Data extracted from a collection
§ §
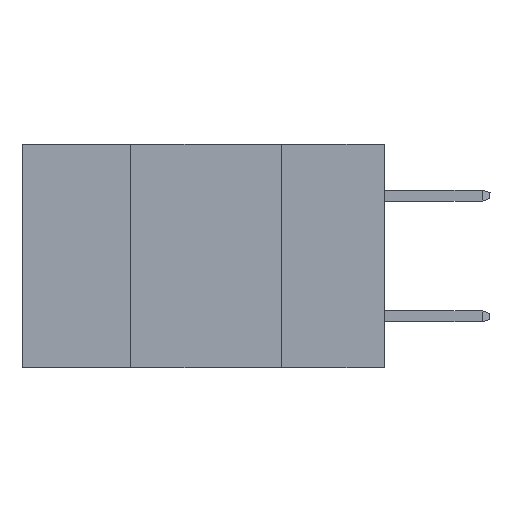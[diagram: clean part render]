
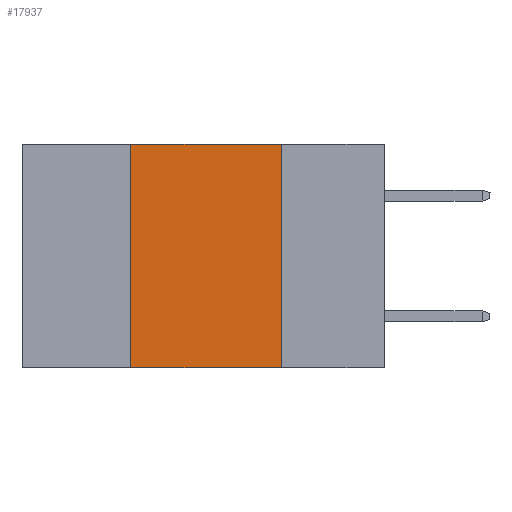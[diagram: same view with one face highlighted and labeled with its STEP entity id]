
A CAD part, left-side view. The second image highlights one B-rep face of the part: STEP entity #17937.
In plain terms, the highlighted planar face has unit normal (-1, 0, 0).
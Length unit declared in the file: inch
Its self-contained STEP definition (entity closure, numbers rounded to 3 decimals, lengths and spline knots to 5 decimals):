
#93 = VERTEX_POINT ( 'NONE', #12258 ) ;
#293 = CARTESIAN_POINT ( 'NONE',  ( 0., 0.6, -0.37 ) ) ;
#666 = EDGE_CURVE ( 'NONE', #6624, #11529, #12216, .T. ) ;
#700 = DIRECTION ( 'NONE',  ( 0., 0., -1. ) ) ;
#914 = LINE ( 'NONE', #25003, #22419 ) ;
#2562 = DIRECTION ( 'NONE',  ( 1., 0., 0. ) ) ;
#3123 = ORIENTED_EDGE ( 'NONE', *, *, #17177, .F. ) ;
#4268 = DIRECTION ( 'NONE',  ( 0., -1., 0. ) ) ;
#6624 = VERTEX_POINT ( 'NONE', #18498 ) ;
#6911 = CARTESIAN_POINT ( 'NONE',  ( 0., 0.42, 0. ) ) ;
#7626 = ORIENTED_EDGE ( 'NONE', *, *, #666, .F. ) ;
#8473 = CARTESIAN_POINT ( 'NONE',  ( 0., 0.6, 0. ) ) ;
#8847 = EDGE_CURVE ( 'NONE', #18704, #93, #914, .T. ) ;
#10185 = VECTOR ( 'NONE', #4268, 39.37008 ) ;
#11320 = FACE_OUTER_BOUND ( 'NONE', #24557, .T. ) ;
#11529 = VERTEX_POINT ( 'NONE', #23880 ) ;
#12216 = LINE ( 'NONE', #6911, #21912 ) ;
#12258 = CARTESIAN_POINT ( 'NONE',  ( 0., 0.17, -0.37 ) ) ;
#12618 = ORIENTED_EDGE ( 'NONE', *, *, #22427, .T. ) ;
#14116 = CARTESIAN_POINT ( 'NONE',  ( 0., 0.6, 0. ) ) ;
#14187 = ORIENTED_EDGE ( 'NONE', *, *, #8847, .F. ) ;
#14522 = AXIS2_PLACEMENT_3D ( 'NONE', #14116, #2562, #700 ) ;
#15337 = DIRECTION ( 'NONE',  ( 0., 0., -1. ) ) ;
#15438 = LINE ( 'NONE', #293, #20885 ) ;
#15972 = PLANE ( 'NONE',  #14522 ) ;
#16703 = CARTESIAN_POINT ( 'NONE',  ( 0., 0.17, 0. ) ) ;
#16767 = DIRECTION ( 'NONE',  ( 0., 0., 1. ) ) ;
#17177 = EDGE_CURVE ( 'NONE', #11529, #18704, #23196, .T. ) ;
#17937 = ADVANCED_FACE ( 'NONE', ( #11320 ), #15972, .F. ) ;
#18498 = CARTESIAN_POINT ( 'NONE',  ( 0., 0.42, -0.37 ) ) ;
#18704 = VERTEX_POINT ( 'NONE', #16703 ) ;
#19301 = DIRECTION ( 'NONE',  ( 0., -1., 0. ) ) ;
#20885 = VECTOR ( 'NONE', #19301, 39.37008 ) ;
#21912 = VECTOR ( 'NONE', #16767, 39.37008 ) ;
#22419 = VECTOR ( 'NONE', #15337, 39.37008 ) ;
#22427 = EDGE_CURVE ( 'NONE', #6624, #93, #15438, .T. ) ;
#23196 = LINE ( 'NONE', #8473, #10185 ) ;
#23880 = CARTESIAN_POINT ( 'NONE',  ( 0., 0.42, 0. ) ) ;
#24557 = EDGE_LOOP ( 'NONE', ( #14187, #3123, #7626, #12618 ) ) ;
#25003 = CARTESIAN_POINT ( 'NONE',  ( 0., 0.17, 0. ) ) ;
§ §
■ TASK TO COMPLETE ■
After locating the line with "#6911 = CARTESIAN_POINT" above, return that line and every later line through the one with "#15972 = PLANE", word for word and with nothing else.

■ RESPONSE TO THIS TASK ■
#6911 = CARTESIAN_POINT ( 'NONE',  ( 0., 0.42, 0. ) ) ;
#7626 = ORIENTED_EDGE ( 'NONE', *, *, #666, .F. ) ;
#8473 = CARTESIAN_POINT ( 'NONE',  ( 0., 0.6, 0. ) ) ;
#8847 = EDGE_CURVE ( 'NONE', #18704, #93, #914, .T. ) ;
#10185 = VECTOR ( 'NONE', #4268, 39.37008 ) ;
#11320 = FACE_OUTER_BOUND ( 'NONE', #24557, .T. ) ;
#11529 = VERTEX_POINT ( 'NONE', #23880 ) ;
#12216 = LINE ( 'NONE', #6911, #21912 ) ;
#12258 = CARTESIAN_POINT ( 'NONE',  ( 0., 0.17, -0.37 ) ) ;
#12618 = ORIENTED_EDGE ( 'NONE', *, *, #22427, .T. ) ;
#14116 = CARTESIAN_POINT ( 'NONE',  ( 0., 0.6, 0. ) ) ;
#14187 = ORIENTED_EDGE ( 'NONE', *, *, #8847, .F. ) ;
#14522 = AXIS2_PLACEMENT_3D ( 'NONE', #14116, #2562, #700 ) ;
#15337 = DIRECTION ( 'NONE',  ( 0., 0., -1. ) ) ;
#15438 = LINE ( 'NONE', #293, #20885 ) ;
#15972 = PLANE ( 'NONE',  #14522 ) ;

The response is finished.